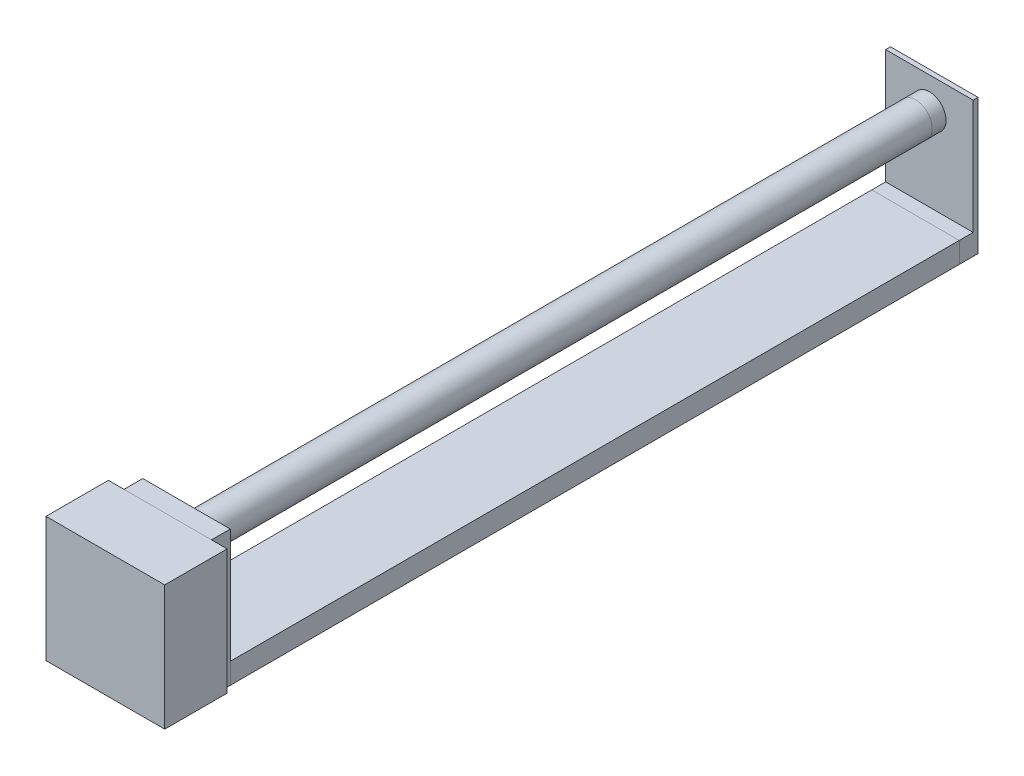
ISO-10303-21;
HEADER;
FILE_DESCRIPTION(('STEP AP214'),'2;1');
FILE_NAME('part.step','',(''),(''),'','','');
FILE_SCHEMA(('AUTOMOTIVE_DESIGN { 1 0 10303 214 1 1 1 1 }'));
ENDSEC;
DATA;
#1=APPLICATION_CONTEXT('core data for automotive mechanical design processes');
#2=APPLICATION_PROTOCOL_DEFINITION('international standard','automotive_design',2000,#1);
#3=PRODUCT_CONTEXT('',#1,'mechanical');
#4=PRODUCT('Part','Part','',(#3));
#5=PRODUCT_RELATED_PRODUCT_CATEGORY('part','',(#4));
#6=PRODUCT_DEFINITION_FORMATION('','',#4);
#7=PRODUCT_DEFINITION_CONTEXT('part definition',#1,'design');
#8=PRODUCT_DEFINITION('design','',#6,#7);
#9=PRODUCT_DEFINITION_SHAPE('','',#8);
#10=(LENGTH_UNIT() NAMED_UNIT(*) SI_UNIT(.MILLI.,.METRE.));
#11=(NAMED_UNIT(*) PLANE_ANGLE_UNIT() SI_UNIT($,.RADIAN.));
#12=(NAMED_UNIT(*) SI_UNIT($,.STERADIAN.) SOLID_ANGLE_UNIT());
#13=UNCERTAINTY_MEASURE_WITH_UNIT(LENGTH_MEASURE(1.E-05),#10,'distance_accuracy_value','');
#14=(GEOMETRIC_REPRESENTATION_CONTEXT(3) GLOBAL_UNCERTAINTY_ASSIGNED_CONTEXT((#13)) GLOBAL_UNIT_ASSIGNED_CONTEXT((#10,
#11,#12)) REPRESENTATION_CONTEXT('',''));
#15=CARTESIAN_POINT('',(0.,0.,0.));
#16=DIRECTION('',(0.,0.,1.));
#17=DIRECTION('',(1.,0.,0.));
#18=AXIS2_PLACEMENT_3D('',#15,#16,#17);
#19=CARTESIAN_POINT('',(-6.3,-1.5,107.7));
#20=DIRECTION('',(-1.,0.,0.));
#21=DIRECTION('',(0.,0.,1.));
#22=AXIS2_PLACEMENT_3D('',#19,#20,#21);
#23=PLANE('',#22);
#24=DIRECTION('',(0.,1.,0.));
#25=VECTOR('',#24,1.);
#26=CARTESIAN_POINT('',(-6.3,-1.5,105.));
#27=LINE('',#26,#25);
#28=CARTESIAN_POINT('',(-6.3,-1.5,105.));
#29=VERTEX_POINT('',#28);
#30=CARTESIAN_POINT('',(-6.3,18.,105.));
#31=VERTEX_POINT('',#30);
#32=EDGE_CURVE('E116',#29,#31,#27,.T.);
#33=ORIENTED_EDGE('',*,*,#32,.F.);
#34=DIRECTION('',(0.,0.,-1.));
#35=VECTOR('',#34,1.);
#36=CARTESIAN_POINT('',(-6.3,-1.5,107.7));
#37=LINE('',#36,#35);
#38=CARTESIAN_POINT('',(-6.3,-1.5,107.7));
#39=VERTEX_POINT('',#38);
#40=EDGE_CURVE('E12',#39,#29,#37,.T.);
#41=ORIENTED_EDGE('',*,*,#40,.F.);
#42=DIRECTION('',(0.,1.,0.));
#43=VECTOR('',#42,1.);
#44=CARTESIAN_POINT('',(-6.3,-1.5,107.7));
#45=LINE('',#44,#43);
#46=CARTESIAN_POINT('',(-6.3,18.,107.7));
#47=VERTEX_POINT('',#46);
#48=EDGE_CURVE('E111',#39,#47,#45,.T.);
#49=ORIENTED_EDGE('',*,*,#48,.T.);
#50=DIRECTION('',(0.,0.,-1.));
#51=VECTOR('',#50,1.);
#52=CARTESIAN_POINT('',(-6.3,18.,107.7));
#53=LINE('',#52,#51);
#54=EDGE_CURVE('E54',#47,#31,#53,.T.);
#55=ORIENTED_EDGE('',*,*,#54,.T.);
#56=EDGE_LOOP('',(#33,#41,#49,#55));
#57=FACE_BOUND('',#56,.T.);
#58=ADVANCED_FACE('F51',(#57),#23,.T.);
#59=CARTESIAN_POINT('',(-6.3,-1.5,107.7));
#60=DIRECTION('',(0.,1.,0.));
#61=DIRECTION('',(0.,0.,1.));
#62=AXIS2_PLACEMENT_3D('',#59,#60,#61);
#63=PLANE('',#62);
#64=DIRECTION('',(1.,0.,0.));
#65=VECTOR('',#64,1.);
#66=CARTESIAN_POINT('',(-6.3,-1.5,105.));
#67=LINE('',#66,#65);
#68=CARTESIAN_POINT('',(6.3,-1.5,105.));
#69=VERTEX_POINT('',#68);
#70=EDGE_CURVE('E84',#29,#69,#67,.T.);
#71=ORIENTED_EDGE('',*,*,#70,.T.);
#72=DIRECTION('',(0.,0.,-1.));
#73=VECTOR('',#72,1.);
#74=CARTESIAN_POINT('',(6.3,-1.5,107.7));
#75=LINE('',#74,#73);
#76=CARTESIAN_POINT('',(6.3,-1.5,107.7));
#77=VERTEX_POINT('',#76);
#78=EDGE_CURVE('E60',#77,#69,#75,.T.);
#79=ORIENTED_EDGE('',*,*,#78,.F.);
#80=DIRECTION('',(1.,0.,0.));
#81=VECTOR('',#80,1.);
#82=CARTESIAN_POINT('',(-6.3,-1.5,107.7));
#83=LINE('',#82,#81);
#84=EDGE_CURVE('E101',#39,#77,#83,.T.);
#85=ORIENTED_EDGE('',*,*,#84,.F.);
#86=ORIENTED_EDGE('',*,*,#40,.T.);
#87=EDGE_LOOP('',(#71,#79,#85,#86));
#88=FACE_BOUND('',#87,.T.);
#89=ADVANCED_FACE('F126',(#88),#63,.F.);
#90=CARTESIAN_POINT('',(6.3,-1.5,107.7));
#91=DIRECTION('',(-1.,0.,0.));
#92=DIRECTION('',(0.,0.,1.));
#93=AXIS2_PLACEMENT_3D('',#90,#91,#92);
#94=PLANE('',#93);
#95=DIRECTION('',(0.,1.,0.));
#96=VECTOR('',#95,1.);
#97=CARTESIAN_POINT('',(6.3,-1.5,105.));
#98=LINE('',#97,#96);
#99=CARTESIAN_POINT('',(6.3,18.,105.));
#100=VERTEX_POINT('',#99);
#101=EDGE_CURVE('E108',#69,#100,#98,.T.);
#102=ORIENTED_EDGE('',*,*,#101,.T.);
#103=DIRECTION('',(0.,0.,-1.));
#104=VECTOR('',#103,1.);
#105=CARTESIAN_POINT('',(6.3,18.,107.7));
#106=LINE('',#105,#104);
#107=CARTESIAN_POINT('',(6.3,18.,107.7));
#108=VERTEX_POINT('',#107);
#109=EDGE_CURVE('E105',#108,#100,#106,.T.);
#110=ORIENTED_EDGE('',*,*,#109,.F.);
#111=DIRECTION('',(0.,1.,0.));
#112=VECTOR('',#111,1.);
#113=CARTESIAN_POINT('',(6.3,-1.5,107.7));
#114=LINE('',#113,#112);
#115=EDGE_CURVE('E96',#77,#108,#114,.T.);
#116=ORIENTED_EDGE('',*,*,#115,.F.);
#117=ORIENTED_EDGE('',*,*,#78,.T.);
#118=EDGE_LOOP('',(#102,#110,#116,#117));
#119=FACE_BOUND('',#118,.T.);
#120=ADVANCED_FACE('F106',(#119),#94,.F.);
#121=CARTESIAN_POINT('',(-6.3,18.,107.7));
#122=DIRECTION('',(0.,1.,0.));
#123=DIRECTION('',(0.,0.,1.));
#124=AXIS2_PLACEMENT_3D('',#121,#122,#123);
#125=PLANE('',#124);
#126=DIRECTION('',(1.,0.,0.));
#127=VECTOR('',#126,1.);
#128=CARTESIAN_POINT('',(-6.3,18.,105.));
#129=LINE('',#128,#127);
#130=EDGE_CURVE('E119',#31,#100,#129,.T.);
#131=ORIENTED_EDGE('',*,*,#130,.F.);
#132=ORIENTED_EDGE('',*,*,#54,.F.);
#133=DIRECTION('',(1.,0.,0.));
#134=VECTOR('',#133,1.);
#135=CARTESIAN_POINT('',(-6.3,18.,107.7));
#136=LINE('',#135,#134);
#137=EDGE_CURVE('E100',#47,#108,#136,.T.);
#138=ORIENTED_EDGE('',*,*,#137,.T.);
#139=ORIENTED_EDGE('',*,*,#109,.T.);
#140=EDGE_LOOP('',(#131,#132,#138,#139));
#141=FACE_BOUND('',#140,.T.);
#142=ADVANCED_FACE('F110',(#141),#125,.T.);
#143=CARTESIAN_POINT('',(0.,0.,107.7));
#144=DIRECTION('',(0.,0.,-1.));
#145=DIRECTION('',(-1.,0.,0.));
#146=AXIS2_PLACEMENT_3D('',#143,#144,#145);
#147=PLANE('',#146);
#148=ORIENTED_EDGE('',*,*,#48,.F.);
#149=ORIENTED_EDGE('',*,*,#84,.T.);
#150=ORIENTED_EDGE('',*,*,#115,.T.);
#151=ORIENTED_EDGE('',*,*,#137,.F.);
#152=EDGE_LOOP('',(#148,#149,#150,#151));
#153=FACE_BOUND('',#152,.T.);
#154=ADVANCED_FACE('F99',(#153),#147,.F.);
#155=CARTESIAN_POINT('',(0.,0.,105.));
#156=DIRECTION('',(0.,0.,-1.));
#157=DIRECTION('',(-1.,0.,0.));
#158=AXIS2_PLACEMENT_3D('',#155,#156,#157);
#159=PLANE('',#158);
#160=ORIENTED_EDGE('',*,*,#32,.T.);
#161=ORIENTED_EDGE('',*,*,#130,.T.);
#162=ORIENTED_EDGE('',*,*,#101,.F.);
#163=ORIENTED_EDGE('',*,*,#70,.F.);
#164=EDGE_LOOP('',(#160,#161,#162,#163));
#165=FACE_BOUND('',#164,.T.);
#166=ADVANCED_FACE('F124',(#165),#159,.T.);
#167=CLOSED_SHELL('',(#58,#89,#120,#142,#154,#166));
#168=MANIFOLD_SOLID_BREP('B2',#167);
#169=CARTESIAN_POINT('',(6.3,18.,-2.7));
#170=DIRECTION('',(0.,-1.,0.));
#171=DIRECTION('',(0.,0.,-1.));
#172=AXIS2_PLACEMENT_3D('',#169,#170,#171);
#173=PLANE('',#172);
#174=DIRECTION('',(-1.,0.,0.));
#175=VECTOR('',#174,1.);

--------------------------------------------------

#### [PROBLEM]
Reproduce the entries above exactly, but only the lines between the line holding "#144=DIRECTION('',(0.,0.,-1.));" and the line holding "#163=ORIENTED_EDGE('',*,*,#70,.F.);", inclusive.

#### [SOLUTION FOR THIS PROBLEM]
#144=DIRECTION('',(0.,0.,-1.));
#145=DIRECTION('',(-1.,0.,0.));
#146=AXIS2_PLACEMENT_3D('',#143,#144,#145);
#147=PLANE('',#146);
#148=ORIENTED_EDGE('',*,*,#48,.F.);
#149=ORIENTED_EDGE('',*,*,#84,.T.);
#150=ORIENTED_EDGE('',*,*,#115,.T.);
#151=ORIENTED_EDGE('',*,*,#137,.F.);
#152=EDGE_LOOP('',(#148,#149,#150,#151));
#153=FACE_BOUND('',#152,.T.);
#154=ADVANCED_FACE('F99',(#153),#147,.F.);
#155=CARTESIAN_POINT('',(0.,0.,105.));
#156=DIRECTION('',(0.,0.,-1.));
#157=DIRECTION('',(-1.,0.,0.));
#158=AXIS2_PLACEMENT_3D('',#155,#156,#157);
#159=PLANE('',#158);
#160=ORIENTED_EDGE('',*,*,#32,.T.);
#161=ORIENTED_EDGE('',*,*,#130,.T.);
#162=ORIENTED_EDGE('',*,*,#101,.F.);
#163=ORIENTED_EDGE('',*,*,#70,.F.);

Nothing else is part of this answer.